Collected data
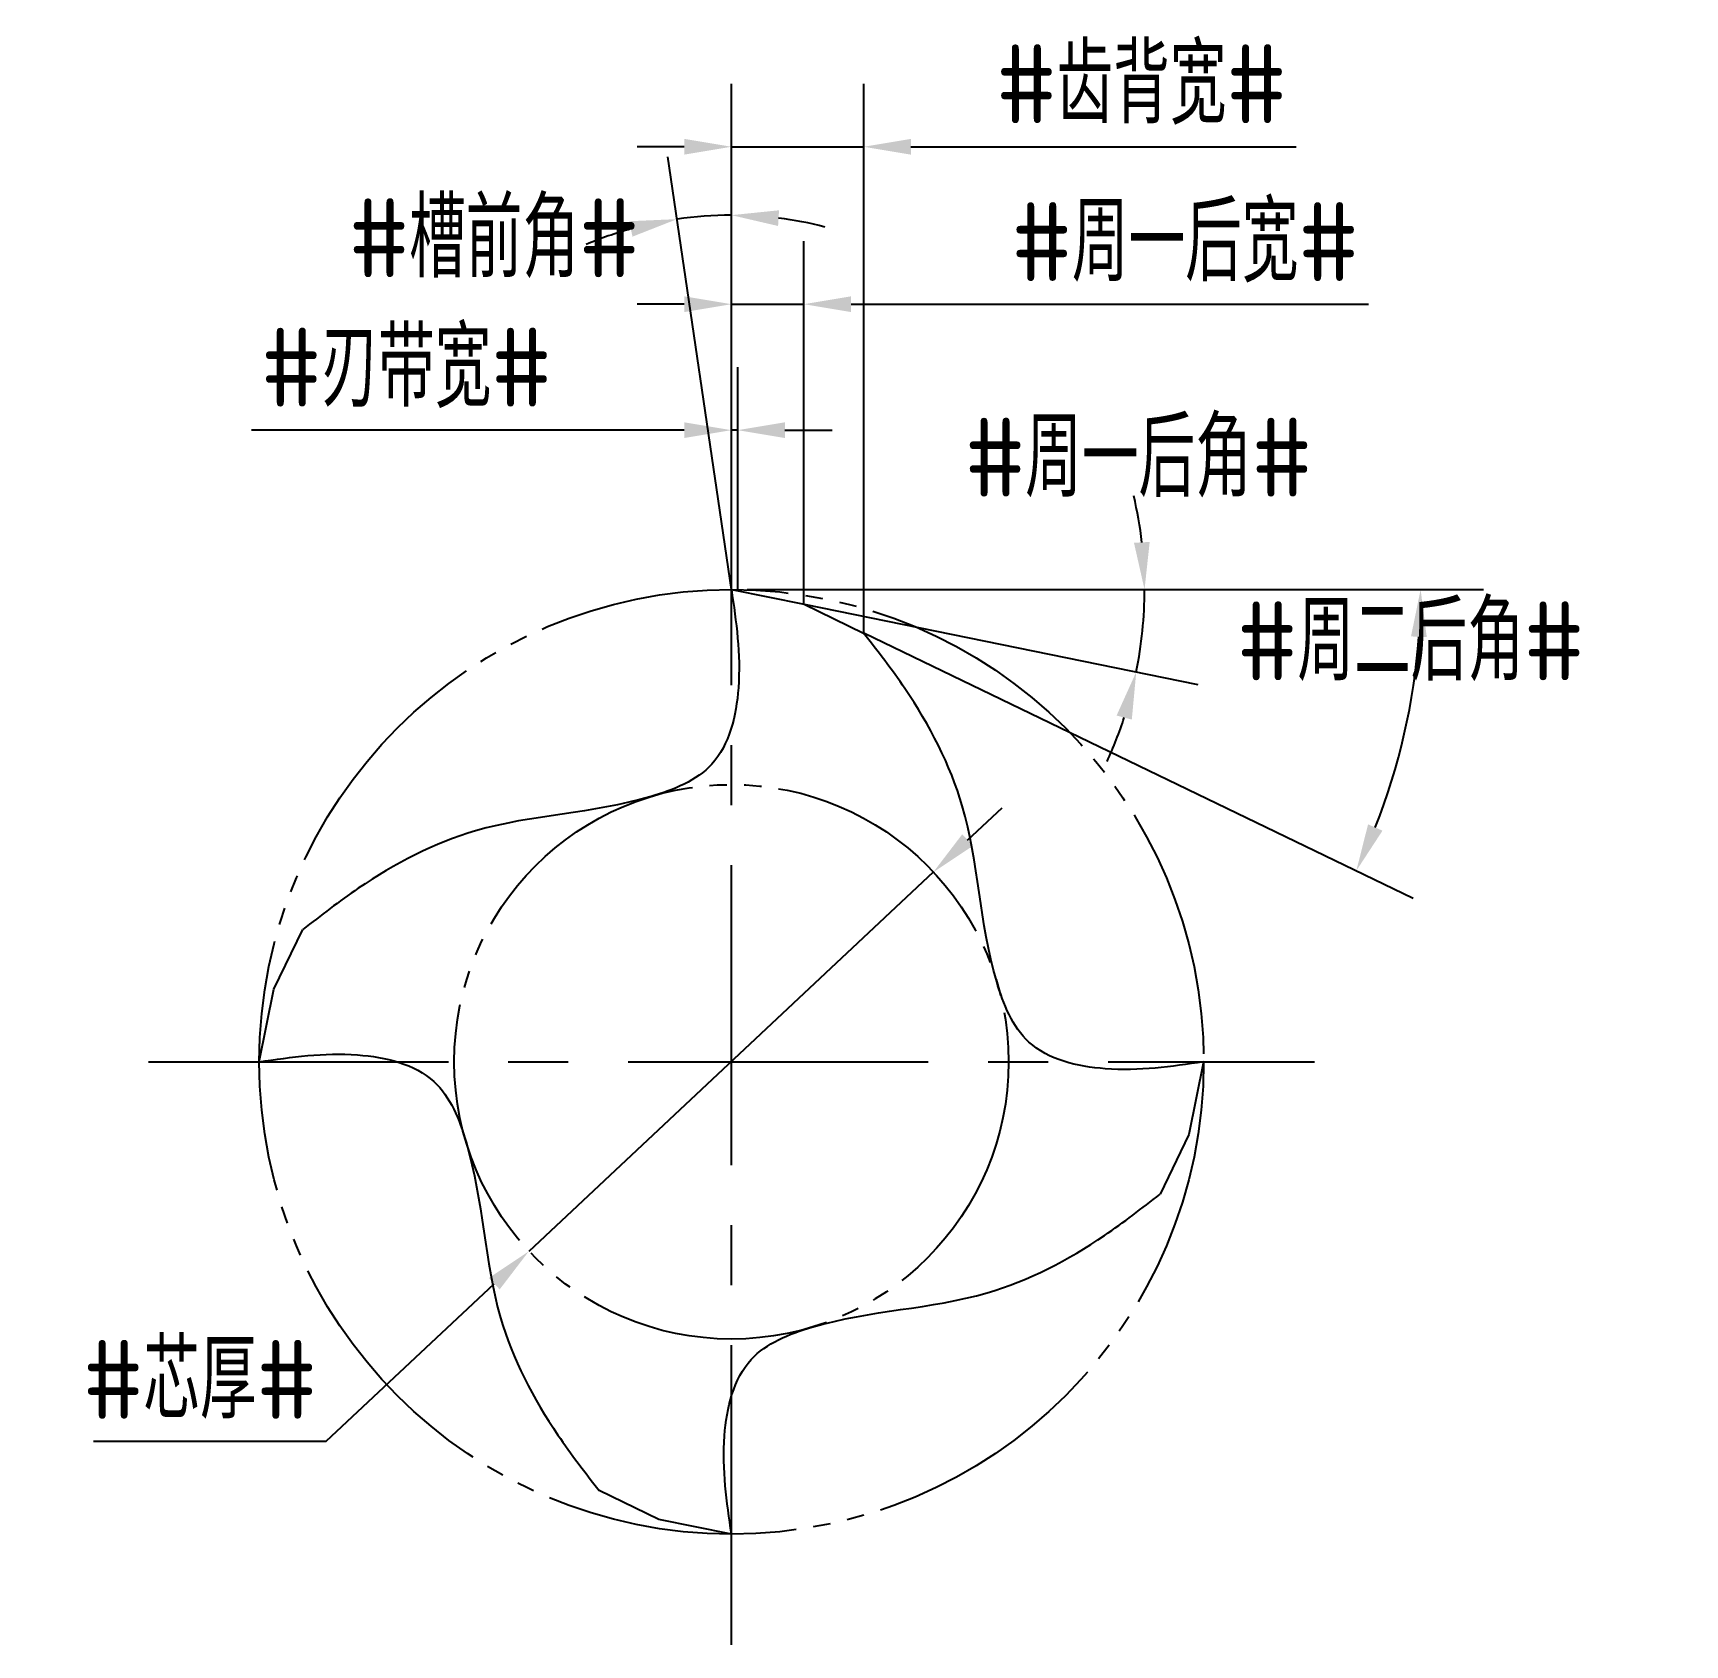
# Model space of a CAD drawing. Header units: millimetres. Extents: x 308.6 to 361, y 73.3 to 124.5.
import ezdxf

# ---------------------------------------------------------------- set-up
doc = ezdxf.new("R2010")
doc.units = ezdxf.units.MM
for name, pattern in [('ACAD_ISO04W100', [30, 24, -3, 0, -3]), ('CENTER', [50.8, 31.75, -6.35, 6.35, -6.35]), ('JIS_09_08', [10.75, 8, -0.55, 0.55, -0.55, 0.55, -0.55])]:
    doc.linetypes.add(name, pattern=pattern)
for name, color, linetype in [('中心线', 2, 'ACAD_ISO04W100'), ('标注', 7, 'Continuous'), ('虚线轮廓', 1, 'Continuous'), ('轮廓', 4, 'Continuous')]:
    doc.layers.add(name, color=color, linetype=linetype)
doc.styles.add('CFST0', font='gbenor.shx', dxfattribs={"bigfont": 'gbcbig.shx'})
doc.dimstyles.new('TYToolDesignC1-1', dxfattribs={"dimtxt": 2.5, "dimasz": 1.5, "dimexe": 2, "dimexo": 0, "dimtad": 1, "dimtoh": 1, "dimdec": 3, "dimdsep": 46, "dimtxsty": 'CFST0', "dimcen": 2.502, "dimclrd": 3, "dimclre": 3, "dimclrt": 3, "dimazin": 2, "dimtfac": 1, "dimtdec": 3, "dimtmove": 0, "dimatfit": 3, "dimfxl": 1, "dimarcsym": 0})

# ---------------------------------------------------------------- blocks, each defined once
blk = doc.blocks.new('*D8')
at = {"layer": 'Defpoints', "color": 0, "transparency": 16777216}
for p in [(337.15, 97.806), (324.301, 85.767)]:
    blk.add_point(p, dxfattribs=at)
at = {"layer": '标注', "color": 3, "lineweight": -2, "transparency": 16777216}
for p, q in [((338.244, 98.831), (339.339, 99.857)), ((337.15, 97.806), (324.301, 85.767)), ((317.866, 79.737), (323.207, 84.742)), ((310.476, 79.737), (317.866, 79.737))]:
    blk.add_line(p, q, dxfattribs=at)
at = {"layer": '标注', "color": 3, "transparency": 16777216}
for points in [[(338.073, 99.014), (338.415, 98.649), (337.15, 97.806)], [(323.036, 84.924), (323.378, 84.559), (324.301, 85.767)]]:
    blk.add_solid(points, dxfattribs=at)
at = {"layer": '标注', "color": 3, "transparency": 16777216, "insert": (313.858, 81.695), "char_height": 2.5, "attachment_point": 5, "style": 'CFST0'}
blk.add_mtext('#芯厚#', dxfattribs=at)
blk = doc.blocks.new('*D3')
at = {"layer": 'Defpoints', "color": 0, "transparency": 16777216}
for p in [(330.163, 118.661), (330.741, 106.787), (330.741, 106.787), (330.741, 105.847), (331.001, 105.017)]:
    blk.add_point(p, dxfattribs=at)
at = {"layer": '标注', "color": 3, "lineweight": -2, "transparency": 16777216}
for q in [(328.722, 120.528), (330.741, 120.675)]:
    blk.add_line((330.741, 106.787), q, dxfattribs=at)
for start, end in [(90, 98.3566), (105.5904, 112.8243), (75.5323, 82.7661)]:
    blk.add_arc((330.741, 106.787), 11.889, start, end, dxfattribs=at)
at = {"layer": '标注', "color": 3, "transparency": 16777216}
for points in [[(332.222, 118.331), (332.253, 118.83), (330.741, 118.675)], [(327.494, 118.482), (327.597, 117.993), (329.013, 118.549)]]:
    blk.add_solid(points, dxfattribs=at)
at = {"layer": '标注', "color": 3, "transparency": 16777216, "insert": (323.202, 117.937), "char_height": 2.5, "attachment_point": 5, "style": 'CFST0'}
blk.add_mtext('#槽前角#', dxfattribs=at)
blk = doc.blocks.new('*D6')
at = {"layer": 'Defpoints', "color": 0, "transparency": 16777216}
for p in [(330.741, 106.787), (330.741, 106.787), (331.241, 106.787), (333.051, 106.317), (343.746, 105.036)]:
    blk.add_point(p, dxfattribs=at)
at = {"layer": '标注', "color": 3, "lineweight": -2, "transparency": 16777216}
for p, q in [((331.241, 106.787), (345.863, 106.787)), ((333.051, 106.317), (345.56, 103.771))]:
    blk.add_line(p, q, dxfattribs=at)
for start, end in [(6.5529, 13.1057), (348.4994, 360), (335.3937, 341.9465)]:
    blk.add_arc((330.741, 106.787), 13.123, start, end, dxfattribs=at)
at = {"layer": '标注', "color": 3, "transparency": 16777216}
for points in [[(344.027, 108.298), (343.528, 108.27), (343.863, 106.787)], [(342.975, 102.784), (343.459, 102.656), (343.6, 104.17)]]:
    blk.add_solid(points, dxfattribs=at)
at = {"layer": '标注', "color": 3, "transparency": 16777216, "insert": (343.671, 110.97), "char_height": 2.5, "attachment_point": 5, "style": 'CFST0'}
blk.add_mtext('#周一后角#', dxfattribs=at)
blk = doc.blocks.new('*D7')
at = {"layer": 'Defpoints', "color": 0, "transparency": 16777216}
for p in [(332.081, 106.787), (332.081, 106.787), (332.741, 106.787), (334.941, 105.407), (351.717, 100.719)]:
    blk.add_point(p, dxfattribs=at)
at = {"layer": '标注', "color": 3, "lineweight": -2, "transparency": 16777216}
for p, q in [((332.741, 106.787), (354.633, 106.787)), ((334.941, 105.407), (352.392, 96.986))]:
    blk.add_line(p, q, dxfattribs=at)
blk.add_arc((332.081, 106.787), 20.552, 338.4245, 355.8174, dxfattribs=at)
at = {"layer": '标注', "color": 3, "transparency": 16777216}
for points in [[(352.328, 105.297), (352.828, 105.278), (352.633, 106.787)], [(351.422, 99.128), (350.964, 99.329), (350.591, 97.855)]]:
    blk.add_solid(points, dxfattribs=at)
at = {"layer": '标注', "color": 3, "transparency": 16777216, "insert": (352.316, 105.137), "char_height": 2.5, "attachment_point": 5, "style": 'CFST0'}
blk.add_mtext('#周二后角#', dxfattribs=at)
blk = doc.blocks.new('*D5')
at = {"layer": 'Defpoints', "color": 0, "transparency": 16777216}
for p in [(333.041, 115.847), (330.741, 106.787), (333.041, 106.317)]:
    blk.add_point(p, dxfattribs=at)
at = {"layer": '标注', "color": 3, "lineweight": -2, "transparency": 16777216}
for p, q in [((330.741, 106.787), (330.741, 117.847)), ((333.041, 106.317), (333.041, 117.847)), ((329.241, 115.847), (327.741, 115.847)), ((330.741, 115.847), (333.041, 115.847)), ((334.541, 115.847), (350.981, 115.847))]:
    blk.add_line(p, q, dxfattribs=at)
at = {"layer": '标注', "color": 3, "transparency": 16777216}
for points in [[(329.241, 116.097), (329.241, 115.597), (330.741, 115.847)], [(334.541, 116.097), (334.541, 115.597), (333.041, 115.847)]]:
    blk.add_solid(points, dxfattribs=at)
at = {"layer": '标注', "color": 3, "transparency": 16777216, "insert": (345.154, 117.804), "char_height": 2.5, "attachment_point": 5, "style": 'CFST0'}
blk.add_mtext('#周一后宽#', dxfattribs=at)
blk = doc.blocks.new('*D4')
at = {"layer": 'Defpoints', "color": 0, "transparency": 16777216}
for p in [(334.941, 120.847), (330.741, 106.787), (334.941, 105.407)]:
    blk.add_point(p, dxfattribs=at)
at = {"layer": '标注', "color": 3, "lineweight": -2, "transparency": 16777216}
for p, q in [((330.741, 106.787), (330.741, 122.847)), ((334.941, 105.407), (334.941, 122.847)), ((329.241, 120.847), (327.741, 120.847)), ((330.741, 120.847), (334.941, 120.847)), ((336.441, 120.847), (348.684, 120.847))]:
    blk.add_line(p, q, dxfattribs=at)
at = {"layer": '标注', "color": 3, "transparency": 16777216}
for points in [[(329.241, 121.097), (329.241, 120.597), (330.741, 120.847)], [(336.441, 121.097), (336.441, 120.597), (334.941, 120.847)]]:
    blk.add_solid(points, dxfattribs=at)
at = {"layer": '标注', "color": 3, "transparency": 16777216, "insert": (343.766, 122.818), "char_height": 2.5, "attachment_point": 5, "style": 'CFST0'}
blk.add_mtext('#齿背宽#', dxfattribs=at)
blk = doc.blocks.new('*D9')
at = {"layer": 'Defpoints', "color": 0, "transparency": 16777216}
for p in [(330.941, 111.847), (330.741, 106.787), (330.941, 106.787)]:
    blk.add_point(p, dxfattribs=at)
at = {"layer": '标注', "color": 3, "lineweight": -2, "transparency": 16777216}
for p, q in [((330.741, 106.787), (330.741, 113.847)), ((330.941, 106.787), (330.941, 113.847)), ((329.241, 111.847), (315.498, 111.847)), ((330.941, 111.847), (330.741, 111.847)), ((332.441, 111.847), (333.941, 111.847))]:
    blk.add_line(p, q, dxfattribs=at)
at = {"layer": '标注', "color": 3, "transparency": 16777216}
for points in [[(329.241, 112.097), (329.241, 111.597), (330.741, 111.847)], [(332.441, 112.097), (332.441, 111.597), (330.941, 111.847)]]:
    blk.add_solid(points, dxfattribs=at)
at = {"layer": '标注', "color": 3, "transparency": 16777216, "insert": (320.415, 113.818), "char_height": 2.5, "attachment_point": 5, "style": 'CFST0'}
blk.add_mtext('#刃带宽#', dxfattribs=at)

msp = doc.modelspace()

# ---------------------------------------------------------------- linework, layer by layer
at = {"layer": '中心线', "linetype": 'CENTER', "ltscale": 0.3}
for p, q in [((330.7406, 73.2685), (330.7406, 110.3046)), ((312.2226, 91.7865), (349.2586, 91.7865))]:
    msp.add_line(p, q, dxfattribs=at)
at = {"layer": '虚线轮廓', "color": 7, "linetype": 'JIS_09_08'}
for radius in [15, 8.8047]:
    msp.add_circle((330.7406, 91.7865), radius, dxfattribs=at)
at = {"layer": '轮廓', "linetype": 'Continuous'}
for p, q in [((330.7406, 106.7865), (333.0516, 106.3186)), ((333.0516, 106.3186), (334.9406, 105.404)), ((316.2085, 94.0975), (317.1232, 95.9865)), ((315.7406, 91.7865), (316.2085, 94.0975)), ((345.7406, 91.7865), (345.2727, 89.4756)), ((345.2727, 89.4756), (344.358, 87.5865)), ((328.4297, 77.2544), (326.5406, 78.1691)), ((328.4297, 77.2544), (326.5406, 78.1691)), ((330.7406, 76.7865), (328.4297, 77.2544)), ((330.7406, 76.7865), (328.4297, 77.2544))]:
    msp.add_line(p, q, dxfattribs=at)
at = {"layer": '轮廓'}
for points in [[(330.7406, 106.7865), (330.9606, 103.6615), (330.113, 101.2376), (328.1858, 100.2124), (322.6149, 99.121), (318.8878, 97.2993), (317.1232, 95.9865)], [(345.7406, 91.7865), (342.6156, 91.5665), (340.1917, 92.4141), (339.1664, 94.3414), (338.075, 99.9122), (336.2533, 103.6393), (334.9406, 105.404)], [(315.7406, 91.7865), (318.8656, 92.0066), (321.2896, 91.1589), (322.3148, 89.2317), (323.4062, 83.6608), (325.2279, 79.9338), (326.5406, 78.1691)], [(330.7406, 76.7865), (330.5206, 79.9115), (331.3682, 82.3355), (333.2955, 83.3607), (338.8663, 84.4521), (342.5934, 86.2738), (344.358, 87.5865)]]:
    msp.add_spline(points, degree=3, dxfattribs=at)

# ---------------------------------------------------------------- dimensions: what is measured, and where the dimension line sits
at = {"layer": '标注'}
for base, p2, text, picture, middle in [((334.9406, 120.8465), (334.9406, 105.4065), '#齿背宽#', '*D4', (343.7662, 120.8465)), ((333.0406, 115.8465), (333.0406, 106.3165), '#周一后宽#', '*D5', (345.1539, 115.8465)), ((330.9406, 111.8465), (330.9406, 106.7865), '#刃带宽#', '*D9', (320.415, 111.8465))]:
    dim = msp.add_linear_dim(base=base, p1=(330.7406, 106.7865), p2=p2, text=text, dimstyle='TYToolDesignC1-1', dxfattribs=at)
    dim.commit()
    dim.dimension.update_dxf_attribs({"geometry": picture, "text_midpoint": middle, "dimtype": 160})
for base, line1, line2, text, picture, middle in [((330.1628, 118.6611), ((330.7406, 106.7865), (330.7406, 105.8465)), ((330.7406, 106.7865), (331.0006, 105.0165)), '#槽前角#', '*D3', (323.202, 115.9794)), ((343.7459, 105.0358), ((330.7406, 106.7865), (333.0506, 106.3165)), ((330.7406, 106.7865), (331.2406, 106.7865)), '#周一后角#', '*D6', (343.6706, 109.0265)), ((351.7168, 100.7186), ((332.0806, 106.7865), (334.9406, 105.4065)), ((332.0806, 106.7865), (332.7406, 106.7865)), '#周二后角#', '*D7', (352.3164, 103.1926))]:
    dim = msp.add_angular_dim_2l(base=base, line1=line1, line2=line2, text=text, dimstyle='TYToolDesignC1-1', dxfattribs=at)
    dim.commit()
    dim.dimension.update_dxf_attribs({"geometry": picture, "text_midpoint": middle, "dimtype": 162})
dim = msp.add_diameter_dim_2p(p1=(337.1498, 97.8057), p2=(324.3014, 85.7673), text='#芯厚#', dimstyle='TYToolDesignC1-1', dxfattribs=at)
dim.commit()
dim.dimension.update_dxf_attribs({"geometry": '*D8', "text_midpoint": (313.8583, 79.7372), "dimtype": 163})

doc.saveas('drawing.dxf')

● WHAT IS BEING ASKED
Whenever a line above has the word "drawing" in it, copy that line.

● SOLVED EXERCISE
# Model space of a CAD drawing. Header units: millimetres. Extents: x 308.6 to 361, y 73.3 to 124.5.
doc.saveas('drawing.dxf')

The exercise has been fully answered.